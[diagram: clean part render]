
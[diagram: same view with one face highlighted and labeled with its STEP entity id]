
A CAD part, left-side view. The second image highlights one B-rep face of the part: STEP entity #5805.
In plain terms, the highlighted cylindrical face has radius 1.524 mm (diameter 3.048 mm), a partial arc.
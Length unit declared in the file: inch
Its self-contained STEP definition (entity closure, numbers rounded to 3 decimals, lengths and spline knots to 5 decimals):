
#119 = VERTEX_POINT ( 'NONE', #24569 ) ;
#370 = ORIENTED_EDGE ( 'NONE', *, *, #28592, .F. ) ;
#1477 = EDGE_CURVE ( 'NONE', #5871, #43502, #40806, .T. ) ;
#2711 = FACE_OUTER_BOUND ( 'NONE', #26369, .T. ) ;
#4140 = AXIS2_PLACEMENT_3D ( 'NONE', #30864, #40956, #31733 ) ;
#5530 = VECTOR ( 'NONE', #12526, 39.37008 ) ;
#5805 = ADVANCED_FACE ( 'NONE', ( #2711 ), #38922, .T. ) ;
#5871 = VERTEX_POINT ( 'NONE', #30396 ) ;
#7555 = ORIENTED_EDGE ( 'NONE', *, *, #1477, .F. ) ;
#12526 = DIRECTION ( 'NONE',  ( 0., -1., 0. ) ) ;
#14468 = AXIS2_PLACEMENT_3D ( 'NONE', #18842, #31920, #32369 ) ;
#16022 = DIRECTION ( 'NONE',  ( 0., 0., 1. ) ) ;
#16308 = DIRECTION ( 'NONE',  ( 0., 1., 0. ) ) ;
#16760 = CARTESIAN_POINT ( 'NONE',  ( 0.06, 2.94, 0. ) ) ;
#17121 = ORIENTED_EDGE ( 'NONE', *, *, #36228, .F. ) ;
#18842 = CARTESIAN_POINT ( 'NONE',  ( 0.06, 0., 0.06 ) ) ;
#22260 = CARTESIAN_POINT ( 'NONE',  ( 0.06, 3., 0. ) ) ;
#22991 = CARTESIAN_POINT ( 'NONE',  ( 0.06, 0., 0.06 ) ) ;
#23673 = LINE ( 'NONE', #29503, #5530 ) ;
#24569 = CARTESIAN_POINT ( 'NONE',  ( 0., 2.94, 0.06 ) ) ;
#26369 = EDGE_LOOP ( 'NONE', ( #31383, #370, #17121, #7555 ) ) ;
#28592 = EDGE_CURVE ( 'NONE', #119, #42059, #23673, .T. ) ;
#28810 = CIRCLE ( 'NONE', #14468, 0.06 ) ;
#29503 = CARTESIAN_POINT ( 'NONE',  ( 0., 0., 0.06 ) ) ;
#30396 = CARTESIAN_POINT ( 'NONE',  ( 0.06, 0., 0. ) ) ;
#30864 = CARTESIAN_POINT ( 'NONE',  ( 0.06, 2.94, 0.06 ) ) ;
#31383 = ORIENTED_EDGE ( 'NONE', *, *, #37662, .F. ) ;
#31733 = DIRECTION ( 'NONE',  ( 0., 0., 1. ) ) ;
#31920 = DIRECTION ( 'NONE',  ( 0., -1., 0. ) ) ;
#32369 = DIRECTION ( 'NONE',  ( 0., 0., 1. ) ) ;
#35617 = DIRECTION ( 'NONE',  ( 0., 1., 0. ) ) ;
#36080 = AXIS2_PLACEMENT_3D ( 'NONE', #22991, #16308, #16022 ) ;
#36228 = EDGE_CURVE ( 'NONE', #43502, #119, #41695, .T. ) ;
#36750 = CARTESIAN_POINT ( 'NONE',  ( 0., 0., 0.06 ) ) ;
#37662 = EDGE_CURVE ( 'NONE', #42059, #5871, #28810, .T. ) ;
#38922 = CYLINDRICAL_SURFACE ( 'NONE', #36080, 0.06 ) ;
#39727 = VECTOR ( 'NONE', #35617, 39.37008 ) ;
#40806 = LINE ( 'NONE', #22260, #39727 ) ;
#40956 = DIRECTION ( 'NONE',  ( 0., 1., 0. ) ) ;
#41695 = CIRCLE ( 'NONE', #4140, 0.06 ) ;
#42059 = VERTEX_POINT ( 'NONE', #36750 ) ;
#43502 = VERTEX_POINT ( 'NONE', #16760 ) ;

++++

• [WORK INSTRUCTION] Your answer must be every record above, set down exactly as written.

• [EXERCISE RESPONSE]
[diagram: clean part render]
[diagram: same view with one face highlighted and labeled with its STEP entity id]
A CAD part, left-side view. The second image highlights one B-rep face of the part: STEP entity #5805.
In plain terms, the highlighted cylindrical face has radius 1.524 mm (diameter 3.048 mm), a partial arc.
Length unit declared in the file: inch
Its self-contained STEP definition (entity closure, numbers rounded to 3 decimals, lengths and spline knots to 5 decimals):
#119 = VERTEX_POINT ( 'NONE', #24569 ) ;
#370 = ORIENTED_EDGE ( 'NONE', *, *, #28592, .F. ) ;
#1477 = EDGE_CURVE ( 'NONE', #5871, #43502, #40806, .T. ) ;
#2711 = FACE_OUTER_BOUND ( 'NONE', #26369, .T. ) ;
#4140 = AXIS2_PLACEMENT_3D ( 'NONE', #30864, #40956, #31733 ) ;
#5530 = VECTOR ( 'NONE', #12526, 39.37008 ) ;
#5805 = ADVANCED_FACE ( 'NONE', ( #2711 ), #38922, .T. ) ;
#5871 = VERTEX_POINT ( 'NONE', #30396 ) ;
#7555 = ORIENTED_EDGE ( 'NONE', *, *, #1477, .F. ) ;
#12526 = DIRECTION ( 'NONE',  ( 0., -1., 0. ) ) ;
#14468 = AXIS2_PLACEMENT_3D ( 'NONE', #18842, #31920, #32369 ) ;
#16022 = DIRECTION ( 'NONE',  ( 0., 0., 1. ) ) ;
#16308 = DIRECTION ( 'NONE',  ( 0., 1., 0. ) ) ;
#16760 = CARTESIAN_POINT ( 'NONE',  ( 0.06, 2.94, 0. ) ) ;
#17121 = ORIENTED_EDGE ( 'NONE', *, *, #36228, .F. ) ;
#18842 = CARTESIAN_POINT ( 'NONE',  ( 0.06, 0., 0.06 ) ) ;
#22260 = CARTESIAN_POINT ( 'NONE',  ( 0.06, 3., 0. ) ) ;
#22991 = CARTESIAN_POINT ( 'NONE',  ( 0.06, 0., 0.06 ) ) ;
#23673 = LINE ( 'NONE', #29503, #5530 ) ;
#24569 = CARTESIAN_POINT ( 'NONE',  ( 0., 2.94, 0.06 ) ) ;
#26369 = EDGE_LOOP ( 'NONE', ( #31383, #370, #17121, #7555 ) ) ;
#28592 = EDGE_CURVE ( 'NONE', #119, #42059, #23673, .T. ) ;
#28810 = CIRCLE ( 'NONE', #14468, 0.06 ) ;
#29503 = CARTESIAN_POINT ( 'NONE',  ( 0., 0., 0.06 ) ) ;
#30396 = CARTESIAN_POINT ( 'NONE',  ( 0.06, 0., 0. ) ) ;
#30864 = CARTESIAN_POINT ( 'NONE',  ( 0.06, 2.94, 0.06 ) ) ;
#31383 = ORIENTED_EDGE ( 'NONE', *, *, #37662, .F. ) ;
#31733 = DIRECTION ( 'NONE',  ( 0., 0., 1. ) ) ;
#31920 = DIRECTION ( 'NONE',  ( 0., -1., 0. ) ) ;
#32369 = DIRECTION ( 'NONE',  ( 0., 0., 1. ) ) ;
#35617 = DIRECTION ( 'NONE',  ( 0., 1., 0. ) ) ;
#36080 = AXIS2_PLACEMENT_3D ( 'NONE', #22991, #16308, #16022 ) ;
#36228 = EDGE_CURVE ( 'NONE', #43502, #119, #41695, .T. ) ;
#36750 = CARTESIAN_POINT ( 'NONE',  ( 0., 0., 0.06 ) ) ;
#37662 = EDGE_CURVE ( 'NONE', #42059, #5871, #28810, .T. ) ;
#38922 = CYLINDRICAL_SURFACE ( 'NONE', #36080, 0.06 ) ;
#39727 = VECTOR ( 'NONE', #35617, 39.37008 ) ;
#40806 = LINE ( 'NONE', #22260, #39727 ) ;
#40956 = DIRECTION ( 'NONE',  ( 0., 1., 0. ) ) ;
#41695 = CIRCLE ( 'NONE', #4140, 0.06 ) ;
#42059 = VERTEX_POINT ( 'NONE', #36750 ) ;
#43502 = VERTEX_POINT ( 'NONE', #16760 ) ;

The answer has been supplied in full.